* PROBLEM *
The answer must be every line from the entries below that contains "VECTOR".

────────────────────

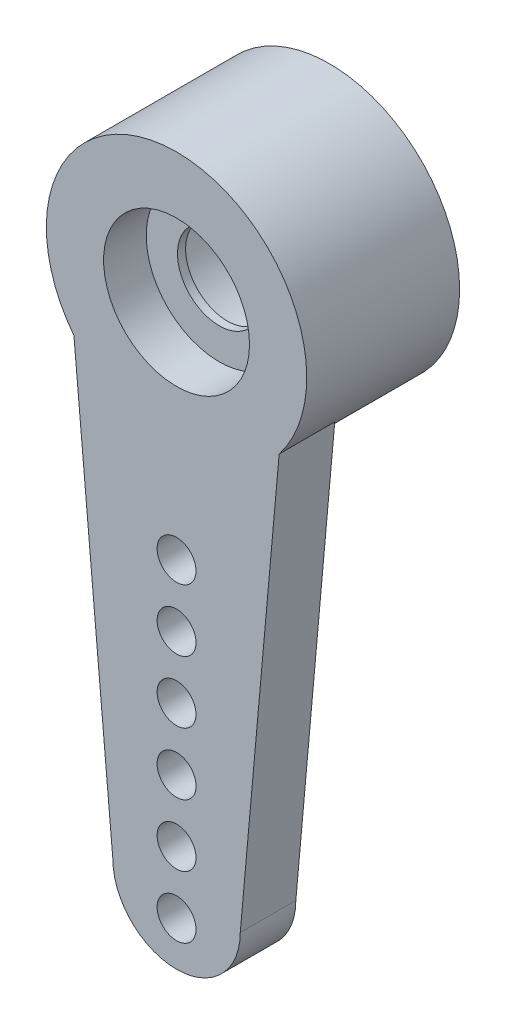
ISO-10303-21;
HEADER;
FILE_DESCRIPTION(('STEP AP214'),'2;1');
FILE_NAME('part.step','',(''),(''),'','','');
FILE_SCHEMA(('AUTOMOTIVE_DESIGN { 1 0 10303 214 1 1 1 1 }'));
ENDSEC;
DATA;
#1=APPLICATION_CONTEXT('core data for automotive mechanical design processes');
#2=APPLICATION_PROTOCOL_DEFINITION('international standard','automotive_design',2000,#1);
#3=PRODUCT_CONTEXT('',#1,'mechanical');
#4=PRODUCT('Part','Part','',(#3));
#5=PRODUCT_RELATED_PRODUCT_CATEGORY('part','',(#4));
#6=PRODUCT_DEFINITION_FORMATION('','',#4);
#7=PRODUCT_DEFINITION_CONTEXT('part definition',#1,'design');
#8=PRODUCT_DEFINITION('design','',#6,#7);
#9=PRODUCT_DEFINITION_SHAPE('','',#8);
#10=(LENGTH_UNIT() NAMED_UNIT(*) SI_UNIT(.MILLI.,.METRE.));
#11=(NAMED_UNIT(*) PLANE_ANGLE_UNIT() SI_UNIT($,.RADIAN.));
#12=(NAMED_UNIT(*) SI_UNIT($,.STERADIAN.) SOLID_ANGLE_UNIT());
#13=UNCERTAINTY_MEASURE_WITH_UNIT(LENGTH_MEASURE(1.E-05),#10,'distance_accuracy_value','');
#14=(GEOMETRIC_REPRESENTATION_CONTEXT(3) GLOBAL_UNCERTAINTY_ASSIGNED_CONTEXT((#13)) GLOBAL_UNIT_ASSIGNED_CONTEXT((#10,
#11,#12)) REPRESENTATION_CONTEXT('',''));
#15=CARTESIAN_POINT('',(0.,0.,0.));
#16=DIRECTION('',(0.,0.,1.));
#17=DIRECTION('',(1.,0.,0.));
#18=AXIS2_PLACEMENT_3D('',#15,#16,#17);
#19=CARTESIAN_POINT('',(-5.49999999999997,0.,-2.84196586235089));
#20=DIRECTION('',(0.,0.,-1.));
#21=DIRECTION('',(-1.,0.,0.));
#22=AXIS2_PLACEMENT_3D('',#19,#20,#21);
#23=CYLINDRICAL_SURFACE('',#22,2.);
#24=CARTESIAN_POINT('',(-5.49999999999997,0.,-7.03296586235089));
#25=DIRECTION('',(0.,0.,1.));
#26=DIRECTION('',(1.,0.,0.));
#27=AXIS2_PLACEMENT_3D('',#24,#25,#26);
#28=CIRCLE('',#27,2.);
#29=CARTESIAN_POINT('',(-3.49999999999996,0.,-7.03296586235089));
#30=VERTEX_POINT('',#29);
#31=EDGE_CURVE('E111',#30,#30,#28,.T.);
#32=ORIENTED_EDGE('',*,*,#31,.F.);
#33=EDGE_LOOP('',(#32));
#34=FACE_BOUND('',#33,.T.);
#35=CARTESIAN_POINT('',(-5.49999999999997,0.,-4.23296586235089));
#36=DIRECTION('',(0.,0.,1.));
#37=DIRECTION('',(1.,0.,0.));
#38=AXIS2_PLACEMENT_3D('',#35,#36,#37);
#39=CIRCLE('',#38,2.00000000000001);
#40=CARTESIAN_POINT('',(-3.49999999999996,0.,-4.23296586235089));
#41=VERTEX_POINT('',#40);
#42=EDGE_CURVE('E107',#41,#41,#39,.T.);
#43=ORIENTED_EDGE('',*,*,#42,.T.);
#44=EDGE_LOOP('',(#43));
#45=FACE_BOUND('',#44,.T.);
#46=ADVANCED_FACE('F34',(#34,#45),#23,.F.);
#47=CARTESIAN_POINT('',(-5.49999999999997,0.,-2.84196586235089));
#48=DIRECTION('',(0.,0.,1.));
#49=DIRECTION('',(1.,0.,0.));
#50=AXIS2_PLACEMENT_3D('',#47,#48,#49);
#51=PLANE('',#50);
#52=CARTESIAN_POINT('',(-5.49999999999997,0.,-2.84196586235089));
#53=DIRECTION('',(0.,0.,1.));
#54=DIRECTION('',(1.,0.,0.));
#55=AXIS2_PLACEMENT_3D('',#52,#53,#54);
#56=CIRCLE('',#55,3.5687);
#57=CARTESIAN_POINT('',(-2.68694999999995,-2.19598938692788,-2.84196586235089));
#58=VERTEX_POINT('',#57);
#59=CARTESIAN_POINT('',(-8.31304999999995,-2.1959893869279,-2.84196586235089));
#60=VERTEX_POINT('',#59);
#61=EDGE_CURVE('E42',#58,#60,#56,.T.);
#62=ORIENTED_EDGE('',*,*,#61,.T.);
#63=DIRECTION('',(0.0893287482023586,-0.996002196154506,0.));
#64=VECTOR('',#63,1.);
#65=CARTESIAN_POINT('',(-7.24624999999995,-14.09065,-2.84196586235089));
#66=LINE('',#65,#64);
#67=CARTESIAN_POINT('',(-7.24624999999995,-14.09065,-2.84196586235089));
#68=VERTEX_POINT('',#67);
#69=EDGE_CURVE('E195',#60,#68,#66,.T.);
#70=ORIENTED_EDGE('',*,*,#69,.T.);
#71=CARTESIAN_POINT('',(-5.49999999999995,-14.09065,-2.84196586235089));
#72=DIRECTION('',(0.,0.,1.));
#73=DIRECTION('',(1.,0.,0.));
#74=AXIS2_PLACEMENT_3D('',#71,#72,#73);
#75=CIRCLE('',#74,1.74625);
#76=CARTESIAN_POINT('',(-3.75374999999995,-14.09065,-2.84196586235089));
#77=VERTEX_POINT('',#76);
#78=EDGE_CURVE('E189',#68,#77,#75,.T.);
#79=ORIENTED_EDGE('',*,*,#78,.T.);
#80=DIRECTION('',(0.0893287482023584,0.996002196154506,0.));
#81=VECTOR('',#80,1.);
#82=CARTESIAN_POINT('',(-3.75374999999995,-14.09065,-2.84196586235089));
#83=LINE('',#82,#81);
#84=EDGE_CURVE('E49',#77,#58,#83,.T.);
#85=ORIENTED_EDGE('',*,*,#84,.T.);
#86=EDGE_LOOP('',(#62,#70,#79,#85));
#87=FACE_BOUND('',#86,.T.);
#88=CARTESIAN_POINT('',(-5.49999999999997,0.,-2.84196586235089));
#89=DIRECTION('',(0.,0.,1.));
#90=DIRECTION('',(1.,0.,0.));
#91=AXIS2_PLACEMENT_3D('',#88,#89,#90);
#92=CIRCLE('',#91,2.);
#93=CARTESIAN_POINT('',(-3.49999999999996,0.,-2.84196586235089));
#94=VERTEX_POINT('',#93);
#95=EDGE_CURVE('E114',#94,#94,#92,.T.);
#96=ORIENTED_EDGE('',*,*,#95,.F.);
#97=EDGE_LOOP('',(#96));
#98=FACE_BOUND('',#97,.T.);
#99=CARTESIAN_POINT('',(-5.49999999999998,-6.11505,-2.84196586235089));
#100=DIRECTION('',(0.,0.,1.));
#101=DIRECTION('',(1.,0.,0.));
#102=AXIS2_PLACEMENT_3D('',#99,#100,#101);
#103=CIRCLE('',#102,0.533399999999999);
#104=CARTESIAN_POINT('',(-4.96659999999998,-6.11505,-2.84196586235089));
#105=VERTEX_POINT('',#104);
#106=EDGE_CURVE('E164',#105,#105,#103,.T.);
#107=ORIENTED_EDGE('',*,*,#106,.F.);
#108=EDGE_LOOP('',(#107));
#109=FACE_BOUND('',#108,.T.);
#110=CARTESIAN_POINT('',(-5.49999999999997,-7.81685,-2.84196586235089));
#111=DIRECTION('',(0.,0.,1.));
#112=DIRECTION('',(1.,0.,0.));
#113=AXIS2_PLACEMENT_3D('',#110,#111,#112);
#114=CIRCLE('',#113,0.533399999999999);
#115=CARTESIAN_POINT('',(-4.96659999999998,-7.81685,-2.84196586235089));
#116=VERTEX_POINT('',#115);
#117=EDGE_CURVE('E168',#116,#116,#114,.T.);
#118=ORIENTED_EDGE('',*,*,#117,.F.);
#119=EDGE_LOOP('',(#118));
#120=FACE_BOUND('',#119,.T.);
#121=CARTESIAN_POINT('',(-5.49999999999997,-9.51865,-2.84196586235089));
#122=DIRECTION('',(0.,0.,1.));
#123=DIRECTION('',(1.,0.,0.));
#124=AXIS2_PLACEMENT_3D('',#121,#122,#123);
#125=CIRCLE('',#124,0.5334);
#126=CARTESIAN_POINT('',(-4.96659999999997,-9.51865,-2.84196586235089));
#127=VERTEX_POINT('',#126);
#128=EDGE_CURVE('E172',#127,#127,#125,.T.);
#129=ORIENTED_EDGE('',*,*,#128,.F.);
#130=EDGE_LOOP('',(#129));
#131=FACE_BOUND('',#130,.T.);
#132=CARTESIAN_POINT('',(-5.49999999999996,-11.22045,-2.84196586235089));
#133=DIRECTION('',(0.,0.,1.));
#134=DIRECTION('',(1.,0.,0.));
#135=AXIS2_PLACEMENT_3D('',#132,#133,#134);
#136=CIRCLE('',#135,0.5334);
#137=CARTESIAN_POINT('',(-4.96659999999996,-11.22045,-2.84196586235089));
#138=VERTEX_POINT('',#137);
#139=EDGE_CURVE('E176',#138,#138,#136,.T.);
#140=ORIENTED_EDGE('',*,*,#139,.F.);
#141=EDGE_LOOP('',(#140));
#142=FACE_BOUND('',#141,.T.);
#143=CARTESIAN_POINT('',(-5.49999999999996,-12.92225,-2.84196586235089));
#144=DIRECTION('',(0.,0.,1.));
#145=DIRECTION('',(1.,0.,0.));
#146=AXIS2_PLACEMENT_3D('',#143,#144,#145);
#147=CIRCLE('',#146,0.5334);
#148=CARTESIAN_POINT('',(-4.96659999999996,-12.92225,-2.84196586235089));
#149=VERTEX_POINT('',#148);
#150=EDGE_CURVE('E180',#149,#149,#147,.T.);
#151=ORIENTED_EDGE('',*,*,#150,.F.);
#152=EDGE_LOOP('',(#151));
#153=FACE_BOUND('',#152,.T.);
#154=CARTESIAN_POINT('',(-5.49999999999995,-14.62405,-2.84196586235089));
#155=DIRECTION('',(0.,0.,1.));
#156=DIRECTION('',(1.,0.,0.));
#157=AXIS2_PLACEMENT_3D('',#154,#155,#156);
#158=CIRCLE('',#157,0.5334);
#159=CARTESIAN_POINT('',(-4.96659999999995,-14.62405,-2.84196586235089));
#160=VERTEX_POINT('',#159);
#161=EDGE_CURVE('E183',#160,#160,#158,.T.);
#162=ORIENTED_EDGE('',*,*,#161,.F.);
#163=EDGE_LOOP('',(#162));
#164=FACE_BOUND('',#163,.T.);
#165=ADVANCED_FACE('F126',(#87,#98,#109,#120,#131,#142,#153,#164),#51,.T.);
#166=CARTESIAN_POINT('',(-5.49999999999997,0.,-7.03296586235089));
#167=DIRECTION('',(0.,0.,1.));
#168=DIRECTION('',(1.,0.,0.));
#169=AXIS2_PLACEMENT_3D('',#166,#167,#168);
#170=PLANE('',#169);
#171=CARTESIAN_POINT('',(-5.49999999999997,0.,-7.03296586235089));
#172=DIRECTION('',(0.,0.,1.));
#173=DIRECTION('',(1.,0.,0.));
#174=AXIS2_PLACEMENT_3D('',#171,#172,#173);
#175=CIRCLE('',#174,3.5687);
#176=CARTESIAN_POINT('',(-1.93129999999997,0.,-7.03296586235089));
#177=VERTEX_POINT('',#176);
#178=EDGE_CURVE('E117',#177,#177,#175,.T.);
#179=ORIENTED_EDGE('',*,*,#178,.F.);
#180=EDGE_LOOP('',(#179));
#181=FACE_BOUND('',#180,.T.);
#182=ORIENTED_EDGE('',*,*,#31,.T.);
#183=EDGE_LOOP('',(#182));
#184=FACE_BOUND('',#183,.T.);
#185=ADVANCED_FACE('F123',(#181,#184),#170,.F.);
#186=CARTESIAN_POINT('',(-5.49999999999997,0.,-2.84196586235089));
#187=DIRECTION('',(0.,0.,-1.));
#188=DIRECTION('',(-1.,0.,0.));
#189=AXIS2_PLACEMENT_3D('',#186,#187,#188);
#190=CYLINDRICAL_SURFACE('',#189,3.5687);
#191=CARTESIAN_POINT('',(-5.49999999999995,0.,-4.36596586235089));
#192=DIRECTION('',(0.,0.,-1.));
#193=DIRECTION('',(-1.,0.,0.));
#194=AXIS2_PLACEMENT_3D('',#191,#192,#193);
#195=CIRCLE('',#194,3.5687);
#196=CARTESIAN_POINT('',(-2.68694999999995,-2.1959893869279,-4.36596586235089));
#197=VERTEX_POINT('',#196);
#198=CARTESIAN_POINT('',(-8.31304999999995,-2.1959893869279,-4.36596586235089));
#199=VERTEX_POINT('',#198);
#200=EDGE_CURVE('E84',#197,#199,#195,.T.);
#201=ORIENTED_EDGE('',*,*,#200,.T.);
#202=DIRECTION('',(0.,0.,1.));
#203=VECTOR('',#202,1.);
#204=CARTESIAN_POINT('',(-8.31304999999995,-2.1959893869279,-4.36596586235089));
#205=LINE('',#204,#203);
#206=EDGE_CURVE('E98',#199,#60,#205,.T.);
#207=ORIENTED_EDGE('',*,*,#206,.T.);
#208=ORIENTED_EDGE('',*,*,#61,.F.);
#209=DIRECTION('',(0.,0.,1.));
#210=VECTOR('',#209,1.);
#211=CARTESIAN_POINT('',(-2.68694999999995,-2.1959893869279,-4.36596586235089));
#212=LINE('',#211,#210);
#213=EDGE_CURVE('E93',#197,#58,#212,.T.);
#214=ORIENTED_EDGE('',*,*,#213,.F.);
#215=EDGE_LOOP('',(#201,#207,#208,#214));
#216=FACE_BOUND('',#215,.T.);
#217=ORIENTED_EDGE('',*,*,#178,.T.);
#218=EDGE_LOOP('',(#217));
#219=FACE_BOUND('',#218,.T.);
#220=ADVANCED_FACE('F36',(#216,#219),#190,.T.);
#221=CARTESIAN_POINT('',(-5.49999999999997,0.,-4.01036586235089));
#222=DIRECTION('',(0.,0.,1.));
#223=DIRECTION('',(1.,0.,0.));
#224=AXIS2_PLACEMENT_3D('',#221,#222,#223);
#225=CIRCLE('',#224,2.);
#226=CARTESIAN_POINT('',(-3.49999999999996,0.,-4.01036586235089));
#227=VERTEX_POINT('',#226);
#228=EDGE_CURVE('E12',#227,#227,#225,.T.);
#229=ORIENTED_EDGE('',*,*,#228,.F.);
#230=EDGE_LOOP('',(#229));
#231=FACE_BOUND('',#230,.T.);
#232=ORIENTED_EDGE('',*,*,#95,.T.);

────────────────────

* SOLUTION BELOW *
#64=VECTOR('',#63,1.);
#81=VECTOR('',#80,1.);
#203=VECTOR('',#202,1.);
#210=VECTOR('',#209,1.);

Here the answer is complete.